Belinsky noted the enormous influence of Gogol’s works on the further development of the “natural school” towards the creation of a Russian realistic novel. The historicism of Belinsky’s thinking led him to define the genre of “Dead Souls” as novel, and this was the victory of the advanced, progressive beginning of Russian life and literature of the mid-19th century.

L.N. Tolstoy, drawing attention to the uniqueness of the genre of “Dead Souls,” wrote that this is “not a novel, not a story - something completely original.”

Gogol himself defined the genre of “Dead Souls” as poem emphasizing the equality of the epic (narrative) and lyrical principles.

The presence of a lyrical element in “Dead Souls” was also noted by Belinsky: “We consider the greatest success and step forward on the author’s part to be the fact that in “Dead Souls” his subjectivity is felt everywhere and, so to speak, tangibly. Here we mean... that deep, comprehensive and humane subjectivity. This predominance of subjectivity reaches high lyrical pathos... This pathos of the poet’s subjectivity is manifested not only in... highly lyrical digressions: it manifests itself incessantly, even in the midst of a story about the most prosaic subjects...

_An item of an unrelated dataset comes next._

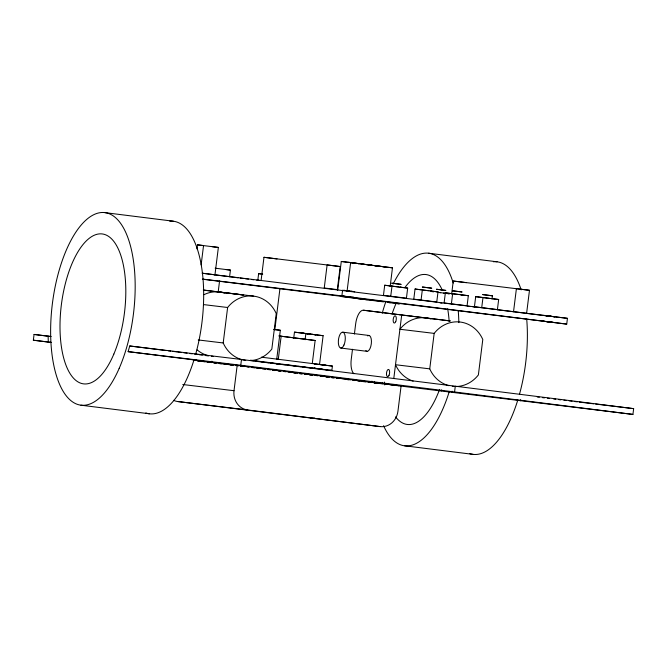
<?xml version="1.0" encoding="UTF-8"?>
<svg xmlns="http://www.w3.org/2000/svg" width="667" height="667" viewBox="0 0 667 667"><rect width="100%" height="100%" fill="white"/><g stroke="black" fill="none" stroke-linecap="round" stroke-linejoin="round"><path stroke-width="1" d="M50.692 342.388A580.99 1.017 7.1 0 1 33.35 340.195L34.067 334.434L51.184 336.518M196.965 248.899L197.465 244.839L203.543 245.573L201.142 264.841M197.465 244.839L218.367 247.432L214.949 274.821L202.109 273.203L567.442 318.334L566.725 324.104L203.368 279.315M218.151 292.304L219.56 280.982M211.714 362.648L211.889 361.206M229.598 276.722L230.423 270.093L215.149 268.184M245.723 360.422A32.391 29.381 -83.1 0 1 223.203 342.963L227.622 307.495A32.391 29.381 -83.1 0 1 276.246 313.598L271.836 349.058A32.391 29.381 -83.1 0 1 250.717 360.572M380.107 426.588L247.549 409.972A17.434 15.808 -83.1 0 1 234.017 390.704L237.177 365.341L401.1 385.893L397.941 411.256A17.434 15.808 -83.1 0 1 380.107 426.588L177.847 401.551A17.434 15.808 -83.1 0 1 173.62 400.342M241.479 359.48L129.723 345.981L128.122 351.642L240.762 365.241L241.479 359.48A580.99 1.017 7.1 0 1 633.65 408.646L632.933 414.415L401.042 386.093M262.523 274.129L258.638 273.653L257.812 280.29L259.755 280.524M261.105 280.357L263.974 257.295L340.195 266.558L337.319 289.62L324.245 287.977L327.122 264.916L340.195 266.558M274.829 329.731L279.957 288.553M274.212 329.498L280.332 330.265L276.738 359.096L278.281 359.288L281.157 336.226L315.141 340.487L312.273 363.548M293.697 338.327L294.464 332.149L305.87 333.533L305.102 339.711M319.535 364.524L323.12 335.693L294.464 332.149M337.694 290.287L341.287 261.456L392.463 267.834L390.162 286.368M329.798 370.152L331.866 370.402L332.408 366.075L261.381 357.17M202.384 279.064L341.879 295.906L342.596 290.145M347.048 291.412L350.634 262.59M352.501 349.241L351.242 359.371A14.524 6.111 -82.9 0 0 353.919 373.762M354.394 334.05L355.661 323.92A14.524 6.111 -82.9 0 1 363.523 310.238L450.342 320.944L398.983 314.682M384.709 285.243L383.45 295.331L406.428 298.182L407.679 288.094L384.709 285.243L391.879 286.135M390.737 296.215L391.996 286.126M393.838 378.106L401.717 314.849M415.041 289.044L413.782 299.141L436.752 301.984L438.011 291.896L415.041 289.044L420.919 289.786M421.069 300.017L422.319 289.928M449.024 385.701A32.391 29.381 -83.1 0 1 429.748 368.859L434.167 333.392A32.391 29.381 -83.1 0 1 482.791 339.495L478.372 374.954A32.391 29.381 -83.1 0 1 452.268 386.318M445.364 292.846L444.105 302.943L467.083 305.786L468.334 295.698L445.364 292.846L452.384 293.722M451.642 294.064L453.268 281.032L529.481 290.295L526.605 313.357L497.24 309.746M451.392 303.818L452.651 293.73M454.569 391.971L455.286 386.201M475.696 296.657L474.437 306.745L497.407 309.588L498.666 299.5L475.696 296.657L482.733 297.515M481.724 307.62L482.975 297.532M492.388 295.798L482.65 294.581L492.396 295.798L492.079 298.683L490.67 298.508M513.532 311.714L516.408 288.653L529.481 290.295M452.101 391.17L451.792 392.221M520.602 399.758L520.293 400.809M193.755 359.888L196.723 359.88M441.662 389.912L441.287 390.954M399.683 287.093L401.084 287.277M430.015 290.895L431.416 291.079M460.338 294.706L461.739 294.881M445.481 293.305L443.588 293.063M492.029 298.683L491.287 298.591M325.629 365.241L324.054 365.032M348.558 262.348L349.758 262.506M359.054 263.665L357.854 263.507M372.128 265.308L370.919 265.141M385.201 266.942L383.992 266.783M401.134 284.359L391.704 283.183L400.842 284.325M422.303 287.018L431.774 288.194L422.57 287.052M436.401 289.245L445.873 290.428L441.02 289.812M354.744 291.696L353.502 291.529M543.638 315.383L545.289 315.599M354.027 297.457L352.785 297.29M542.921 321.144L544.572 321.361M553.768 322.503L551.684 322.228M301.676 333.041L303.402 333.267M310.672 334.167L309.638 334.034M315.875 334.801L314.841 334.659M324.762 369.526L327.73 369.902M358.863 263.64L348.974 262.398M371.936 265.283L361.356 263.957L362.831 264.149M392.463 267.834L341.287 261.456M212.289 246.698L218.367 247.432M400.4 287.21L407.679 288.094M431.632 291.12L438.011 291.896M461.055 294.814L468.334 295.698M492.288 298.733L498.666 299.5M431.874 291.604L433.692 291.829M447.557 293.572L449.383 293.797M225.563 269.51L230.423 270.093M354.544 291.671L350.725 291.204M467.709 306.178L469.743 306.428M472.795 306.795L474.837 307.045M543.838 315.399L554.819 316.775L552.835 316.517M526.113 313.348L567.442 318.334M353.827 297.432L346.173 296.49M357.896 298.674L367.242 299.8M543.113 321.169L553.577 322.478M219.485 292.004L253.727 296.14M206.645 290.562L243.805 295.047L203.277 289.97M203.452 304.577L227.622 307.495M434.167 333.392L399.917 329.256A32.391 29.381 -83.1 0 1 430.915 318.984M273.787 329.481L280.332 330.265M311.714 334.317L323.12 335.693M279.54 336.035L281.157 336.226M315.141 340.487L278.731 335.935M198.232 339.945L223.203 342.963M429.748 368.859L395.506 364.724A32.391 29.381 -83.1 0 0 413.14 381.099M318.968 364.449L332.408 366.075M282.266 364.407L285.368 364.782M287.435 365.032L290.529 365.408M292.596 365.658L295.698 366.033M297.765 366.283L300.867 366.658M302.935 366.908L306.028 367.275M308.096 367.525L312.231 368.026M317.4 368.651L313.748 368.142L315.149 368.326M319.468 368.901L322.561 369.276M195.164 354.202L198.224 354.569M537.277 397.007L539.328 397.257M542.404 397.632L544.455 397.874M547.524 398.249L549.575 398.499M553.677 398.991L555.728 399.241M558.804 399.608L560.855 399.858M563.932 400.225L565.983 400.475M569.059 400.85L572.136 401.217M574.187 401.467L577.263 401.834M579.315 402.084L593.663 403.818M595.714 404.069L633.65 408.646M33.35 340.195L51.359 342.388M193.105 360.013L237.177 365.341M331.407 377.472L334.475 377.847M336.527 378.097L339.603 378.464M341.654 378.714L350.875 379.831M352.926 380.073L401.1 385.893M373.87 382.816L376.738 383.158M379.598 383.508L382.466 383.85L382.324 382.391M384.525 384.1L387.627 384.475M389.686 384.726L398.974 385.843M182.766 384.517L234.017 390.704M177.847 401.551L247.549 409.972M384.776 266.892L374.379 265.591L375.905 265.791M391.913 286.126L398.574 286.96M422.236 289.937L428.589 290.72M452.568 293.738L458.913 294.522M482.891 297.54L489.244 298.324M344.956 290.462L343.563 290.295L348.983 290.987M302.034 333.083L315.516 334.751M308.087 333.817L306.645 333.65L307.912 333.808M309.463 334.025L310.313 334.125M324.862 365.149L314.115 363.798L315.691 364.007M314.34 368.217L317.35 368.584M440.662 292.696L437.185 292.263M345.348 290.512L350.15 291.129L349.65 291.045M348.933 296.815L342.896 296.073L344.414 296.265M319.001 368.809L322.378 369.235M270.919 362.973L274.646 363.44M278.422 363.924L276.305 363.665L276.838 363.707M104.919 212.631L173.42 221.219M428.589 253.218L497.09 261.806M263.974 257.295L277.047 258.938M453.268 281.032L466.333 282.666M440.954 289.82L436.668 289.286M437.41 292.279L449.174 293.755M258.638 273.653L262.715 274.17M350.759 291.187L352.209 291.362M546.173 315.708L548.733 316.025M549.4 316.091L551.492 316.35M440.07 302.86L442.029 303.11M214.324 274.812L227.564 276.471M228.839 276.655L238.127 277.814M240.187 278.072L243.28 278.464M245.348 278.723L248.441 279.114M251.534 279.498L253.593 279.756M256.687 280.148L258.754 280.407M341.879 295.906L566.725 324.104M545.914 321.527L548.016 321.794M548.683 321.853L550.292 322.053M341.654 296.615L383.483 301.859M390.303 302.735L387.944 302.434L399.408 303.86L396.073 303.435M203.585 290.187L205.611 290.437A14.524 6.111 -82.9 0 0 205.061 290.428M363.523 310.238L396.957 314.432M342.805 332.191L368.951 335.468M340.829 348.049L366.975 351.326M250.55 360.205L331.866 370.402M250.342 360.422L253.435 360.805M255.494 361.064L258.579 361.456M260.639 361.714L263.723 362.098M265.783 362.356L268.876 362.748M271.119 363.015L272.945 363.248M276.08 363.648L279.781 364.082M129.723 345.981L165.691 350.492M168.259 350.817L170.827 351.134M172.536 351.351L176.822 351.884M177.672 351.993L181.099 352.426M183.667 352.743L187.094 353.177M189.661 353.502L192.229 353.818M194.797 354.144L197.365 354.46M199.325 354.761L202.359 355.144M205.403 355.519L208.438 355.903M213.507 356.537L211.481 356.286A32.391 29.381 -83.1 0 0 213.106 356.436M128.122 351.642L196.623 360.23M197.374 360.672L211.806 362.481M213.874 362.74L216.967 363.131M219.026 363.39L233.458 365.199M235.526 365.458L238.611 365.841M240.679 366.1L243.772 366.491M246.865 366.875L248.924 367.133M252.018 367.525L255.111 367.909M257.17 368.167L260.263 368.559M262.331 368.818L265.424 369.201M267.484 369.46L270.577 369.851M272.636 370.11L275.729 370.493M278.823 370.885L280.882 371.144M283.975 371.527L286.043 371.786M288.102 372.044L292.229 372.561M294.289 372.82L297.382 373.212M299.441 373.47L302.535 373.853M304.602 374.112L307.687 374.504M309.755 374.762L312.848 375.146M314.907 375.404L318.001 375.796M320.06 376.055L324.187 376.572M326.246 376.83L329.34 377.214M80.932 405.194L149.433 413.782M404.602 445.781L473.103 454.369M371.961 382.583L371.903 381.124M48.291 342.004L48.124 336.126M367.65 335.876A7.987 3.36 -82.9 0 1 371.302 343.805A7.987 3.36 -82.9 0 1 365.816 350.617M411.022 316.441A14.524 6.111 -82.9 0 1 412.156 316.333M203.994 294.664A32.391 29.381 -83.1 0 1 224.37 293.088M208.237 355.669A32.391 29.381 -83.1 0 1 197.115 349.875M314.799 418.051A17.434 15.808 -83.1 0 1 310.405 418.176M169.726 221.169A97.023 40.854 -82.9 0 1 195.556 354.602M194.13 359.438A97.023 40.854 -82.9 0 1 145.84 412.956M393.121 284.092A97.023 40.854 -82.9 0 1 453.218 283.05M458.221 310.605A97.023 40.854 -82.9 0 1 458.846 322.62M449.308 391.429A97.023 40.854 -82.9 0 1 383.575 425.704M374.621 383.417A97.023 40.854 -82.9 0 1 374.52 381.399M382.199 313.365A97.023 40.854 -82.9 0 1 385.759 301.851M493.397 261.756A97.023 40.854 -82.9 0 1 521.16 289.853M526.713 319.193A97.023 40.854 -82.9 0 1 519.501 394.214M517.8 400.025A97.023 40.854 -82.9 0 1 469.51 453.535M404.994 287.427A75.529 31.799 -82.9 0 1 442.404 290.403M447.682 308.854A75.529 31.799 -82.9 0 1 449.166 321.419M439.495 389.67A75.529 31.799 -82.9 0 1 395.589 416.892M384.742 384.934A75.529 31.799 -82.9 0 1 384.417 382.074M392.071 313.949A75.529 31.799 -82.9 0 1 396.173 303.193M50.425 336.502A580.99 1.017 7.1 0 1 34.067 334.434M370.535 382.508A580.99 1.017 7.1 0 1 368.576 382.266M365.633 381.899A580.99 1.017 7.1 0 1 362.698 381.532M359.763 381.165A580.99 1.017 7.1 0 1 357.812 380.924M354.886 380.557A580.99 1.017 7.1 0 1 352.926 380.315M349.024 379.823A580.99 1.017 7.1 0 1 347.082 379.581M338.319 378.489A580.99 1.017 7.1 0 1 336.376 378.247M333.467 377.881A580.99 1.017 7.1 0 1 331.532 377.639M327.655 377.155A580.99 1.017 7.1 0 1 325.721 376.913M322.82 376.555A580.99 1.017 7.1 0 1 320.885 376.313M312.214 375.229A580.99 1.017 7.1 0 1 309.33 374.862M306.453 374.504A580.99 1.017 7.1 0 1 304.536 374.262M301.592 373.895A580.99 1.017 7.1 0 1 299.533 373.637M295.423 373.128A580.99 1.017 7.1 0 1 293.363 372.87M280.082 371.211A580.99 1.017 7.1 0 1 278.047 370.952M275.004 370.569A580.99 1.017 7.1 0 1 272.978 370.318M258.871 368.551A580.99 1.017 7.1 0 1 256.87 368.301M242.93 366.558A580.99 1.017 7.1 0 1 240.954 366.308M232.091 365.199A580.99 1.017 7.1 0 1 230.14 364.957M226.23 364.465A580.99 1.017 7.1 0 1 224.279 364.224M221.369 363.857A580.99 1.017 7.1 0 1 219.426 363.615M215.566 363.123A580.99 1.017 7.1 0 1 213.64 362.89M210.755 362.523A580.99 1.017 7.1 0 1 207.871 362.164M205.002 361.806A580.99 1.017 7.1 0 1 202.143 361.447M199.283 361.089A580.99 1.017 7.1 0 1 197.224 360.83M240.762 365.241A580.99 1.017 7.1 0 1 632.933 414.415M452.368 290.787L462.098 291.996L452.426 290.795M343.98 345.014A7.987 3.36 -82.9 0 0 343.096 332.258A7.987 3.36 -82.9 0 0 338.369 343.088A7.987 3.36 -82.9 0 0 343.98 345.014M395.723 321.644A3.635 1.526 -82.9 0 0 395.323 315.85A3.635 1.526 -82.9 0 0 393.171 320.769A3.635 1.526 -82.9 0 0 395.723 321.644M389.044 375.263A3.635 1.526 -82.9 0 0 388.644 369.468A3.635 1.526 -82.9 0 0 386.493 374.387A3.635 1.526 -82.9 0 0 389.044 375.263M113.84 354.085A75.529 31.799 -82.9 0 0 104.494 234.425A75.529 31.799 -82.9 0 0 60.447 338.236A75.529 31.799 -82.9 0 0 113.84 354.085M119.185 368.359A97.023 40.854 -82.9 0 0 108.513 213.465A97.023 40.854 -82.9 0 0 51.084 344.922A97.023 40.854 -82.9 0 0 119.185 368.359"/></g></svg>

Thus, according to Belinsky, subjectivity manifests itself:

In lyrical digressions;

The epic and lyrical parts differ in the goals that the writer sets for himself. Task epic part- show “albeit from one side all of Rus'.” IN lyrical part a positive ideal of the author arises.

This opposition in goals and objectives is reflected in the language of the poem. If in Pushkin’s “Eugene Onegin” both the narration and the lyrical digressions are written in the colloquial language of an educated secular person and the transition from one to the other is practically imperceptible, then the language of the lyrical digressions in “Dead Souls” corresponds to a sublime task: here a high style of speech is used; means that bring the language of lyrical digressions closer to the poetic.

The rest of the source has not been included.